Il vit une porte entrouverte. Il jeta un oeil discrètement, après s'être assuré que personne ne le regardait. Il vit à l'intérieur un lit bien fait. Pas de chaussons au pied du lit. Pas de vêtements sur les chaises. La chambre paraissait déserte de l'extérieur. Il entra sans frapper avant de bien refermer la porte derrière lui.

Il se dirigea vers l'armoire. Il fallait être sûr qu'il n'y eut personne. On ne devait pas l'accuser de vol et on ne devait pas le déranger. Il poussa alors la porte coulissante de l'armoire et s'aperçut que les étagères étaient vides. Bingo! Lança-t-il à mi-voix.

Il
se réfugia dans la salle de bain au fond de la chambre et se déshabilla aussi vite qu'il put le faire.
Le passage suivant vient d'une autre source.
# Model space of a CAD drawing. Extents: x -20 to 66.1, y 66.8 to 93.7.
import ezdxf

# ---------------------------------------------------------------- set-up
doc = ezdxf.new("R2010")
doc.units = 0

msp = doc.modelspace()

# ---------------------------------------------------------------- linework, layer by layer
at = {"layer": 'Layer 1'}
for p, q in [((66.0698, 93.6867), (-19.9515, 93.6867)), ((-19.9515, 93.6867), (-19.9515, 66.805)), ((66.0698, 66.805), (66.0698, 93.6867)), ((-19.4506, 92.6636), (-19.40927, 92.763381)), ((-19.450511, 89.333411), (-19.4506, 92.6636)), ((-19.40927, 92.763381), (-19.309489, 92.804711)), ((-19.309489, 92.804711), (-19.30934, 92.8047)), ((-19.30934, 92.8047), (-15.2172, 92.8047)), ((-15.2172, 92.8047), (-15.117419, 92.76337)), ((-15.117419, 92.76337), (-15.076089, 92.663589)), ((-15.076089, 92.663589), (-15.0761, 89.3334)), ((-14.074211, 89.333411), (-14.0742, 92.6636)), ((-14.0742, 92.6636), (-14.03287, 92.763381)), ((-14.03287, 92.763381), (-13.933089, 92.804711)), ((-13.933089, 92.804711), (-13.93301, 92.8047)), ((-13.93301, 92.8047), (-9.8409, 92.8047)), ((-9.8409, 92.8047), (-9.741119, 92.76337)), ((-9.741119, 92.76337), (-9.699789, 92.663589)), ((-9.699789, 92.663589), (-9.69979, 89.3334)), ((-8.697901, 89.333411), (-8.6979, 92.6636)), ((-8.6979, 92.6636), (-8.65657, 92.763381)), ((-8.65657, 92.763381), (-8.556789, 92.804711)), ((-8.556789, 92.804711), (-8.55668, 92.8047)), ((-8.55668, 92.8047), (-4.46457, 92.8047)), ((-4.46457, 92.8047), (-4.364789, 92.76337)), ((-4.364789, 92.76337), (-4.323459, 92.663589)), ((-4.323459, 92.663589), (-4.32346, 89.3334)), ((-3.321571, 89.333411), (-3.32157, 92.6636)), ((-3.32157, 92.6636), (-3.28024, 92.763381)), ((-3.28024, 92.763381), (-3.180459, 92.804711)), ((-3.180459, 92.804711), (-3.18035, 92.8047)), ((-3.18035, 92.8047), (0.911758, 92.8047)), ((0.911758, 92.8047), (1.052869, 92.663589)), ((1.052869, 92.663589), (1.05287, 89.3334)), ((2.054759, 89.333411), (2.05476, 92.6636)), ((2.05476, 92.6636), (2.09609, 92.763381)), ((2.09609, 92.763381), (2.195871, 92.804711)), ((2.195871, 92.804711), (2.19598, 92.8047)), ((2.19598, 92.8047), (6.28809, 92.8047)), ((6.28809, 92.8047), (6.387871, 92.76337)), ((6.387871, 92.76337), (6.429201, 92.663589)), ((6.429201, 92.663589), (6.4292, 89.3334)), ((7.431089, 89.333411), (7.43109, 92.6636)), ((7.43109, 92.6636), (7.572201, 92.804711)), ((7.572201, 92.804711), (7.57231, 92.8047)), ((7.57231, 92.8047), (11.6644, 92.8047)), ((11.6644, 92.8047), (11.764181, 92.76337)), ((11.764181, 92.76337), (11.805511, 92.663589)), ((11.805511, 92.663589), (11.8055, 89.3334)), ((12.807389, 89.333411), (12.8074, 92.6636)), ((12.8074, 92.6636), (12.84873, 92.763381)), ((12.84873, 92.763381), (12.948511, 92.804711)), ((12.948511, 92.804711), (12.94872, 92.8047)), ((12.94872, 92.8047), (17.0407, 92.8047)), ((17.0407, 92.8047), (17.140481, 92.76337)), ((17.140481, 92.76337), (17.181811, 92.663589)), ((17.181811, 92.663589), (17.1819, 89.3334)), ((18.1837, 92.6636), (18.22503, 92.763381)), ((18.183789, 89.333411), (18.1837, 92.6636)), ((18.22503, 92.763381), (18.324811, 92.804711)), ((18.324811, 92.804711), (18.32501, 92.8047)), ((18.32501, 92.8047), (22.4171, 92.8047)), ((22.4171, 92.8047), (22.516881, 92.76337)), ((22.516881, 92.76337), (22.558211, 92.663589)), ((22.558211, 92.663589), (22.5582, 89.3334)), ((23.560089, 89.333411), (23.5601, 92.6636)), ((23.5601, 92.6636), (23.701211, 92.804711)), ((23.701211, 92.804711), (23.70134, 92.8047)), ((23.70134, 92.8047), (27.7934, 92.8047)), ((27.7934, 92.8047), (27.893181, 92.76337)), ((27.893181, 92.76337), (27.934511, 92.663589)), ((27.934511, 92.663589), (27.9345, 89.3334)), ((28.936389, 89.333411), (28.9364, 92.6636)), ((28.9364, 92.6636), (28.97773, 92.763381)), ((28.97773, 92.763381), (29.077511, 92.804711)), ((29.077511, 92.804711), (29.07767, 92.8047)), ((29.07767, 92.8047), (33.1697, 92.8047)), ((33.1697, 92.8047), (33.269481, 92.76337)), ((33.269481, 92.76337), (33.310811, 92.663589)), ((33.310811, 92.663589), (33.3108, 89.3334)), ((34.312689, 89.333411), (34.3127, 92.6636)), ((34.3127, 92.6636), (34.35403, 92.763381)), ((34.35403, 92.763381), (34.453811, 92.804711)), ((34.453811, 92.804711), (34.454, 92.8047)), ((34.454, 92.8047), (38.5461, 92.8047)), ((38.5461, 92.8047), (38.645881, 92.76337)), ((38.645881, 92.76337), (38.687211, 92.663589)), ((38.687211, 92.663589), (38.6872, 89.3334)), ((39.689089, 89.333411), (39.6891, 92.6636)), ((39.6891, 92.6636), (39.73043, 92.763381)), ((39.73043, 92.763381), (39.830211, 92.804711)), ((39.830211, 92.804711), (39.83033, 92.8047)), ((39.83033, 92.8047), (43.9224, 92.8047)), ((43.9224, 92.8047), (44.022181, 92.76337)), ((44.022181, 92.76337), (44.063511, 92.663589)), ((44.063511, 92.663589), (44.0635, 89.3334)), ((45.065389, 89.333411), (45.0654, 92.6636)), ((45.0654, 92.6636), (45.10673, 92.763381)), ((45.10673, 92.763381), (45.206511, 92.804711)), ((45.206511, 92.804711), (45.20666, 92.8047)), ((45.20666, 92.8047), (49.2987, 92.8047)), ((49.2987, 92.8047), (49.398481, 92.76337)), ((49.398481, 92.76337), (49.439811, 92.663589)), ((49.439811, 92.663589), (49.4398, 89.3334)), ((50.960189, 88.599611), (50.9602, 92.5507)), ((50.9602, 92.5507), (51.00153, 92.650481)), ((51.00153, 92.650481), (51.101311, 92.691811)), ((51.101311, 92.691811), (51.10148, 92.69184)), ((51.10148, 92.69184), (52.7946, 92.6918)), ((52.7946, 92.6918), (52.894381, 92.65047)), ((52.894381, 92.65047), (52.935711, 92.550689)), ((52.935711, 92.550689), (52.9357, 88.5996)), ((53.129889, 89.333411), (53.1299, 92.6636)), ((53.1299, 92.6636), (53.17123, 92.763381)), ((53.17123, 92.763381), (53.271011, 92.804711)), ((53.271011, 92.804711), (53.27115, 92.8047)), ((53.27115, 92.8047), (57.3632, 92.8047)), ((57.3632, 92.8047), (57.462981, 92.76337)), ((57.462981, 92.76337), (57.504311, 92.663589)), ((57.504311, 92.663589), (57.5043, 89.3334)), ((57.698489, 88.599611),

Nu comme un ver, il se glissa alors sous une bonne douche chaude et en profita pendant de longues minutes. Il se délassa, se décrotta, se savonna et prit même le temps de se laver les dents. Étant SDF depuis quelques années, il ne pouvait pas se payer le luxe de se doucher tous les jours. Néanmoins, il tenait de temps en temps à se laver. Où pouvait-il se laver plus facilement que dans une chambre de clinique? L'eau était chaude, pas d'agent de sécurité à l'entrée, une serviette, du savon, un lit pour se reposer...

Un autre homme sorti de la douche. Il était propre et souriant. Il fut prit d'une bonne humeur qui le poussa presque à siffloter Für Elise de Beethoven. C'était la chanson préférée de sa mère qui l'avait élevé seule pendant seize ans. Elle était très autoritaire. Leurs contacts se limitaient à "Bastien fait ceci! Bastien fait cela!". Elle était ensuite décédée d'un cancer du foie, certainement dûe à la quantité faramineuse d'alcool qu'elle ingurgitait quotidiennement. Bastien s'était alors retrouvé à devoir se débrouiller seul. C'est alors qu'il se mit à mendier. Un bruit le coupa net dans sa réflexion.

Quelqu'un venait. Il se réfugia dans la salle de bain.

Une personne habillée en blanc ouvrit la porte de la chambre qu'il pensait avoir laissé entrouverte.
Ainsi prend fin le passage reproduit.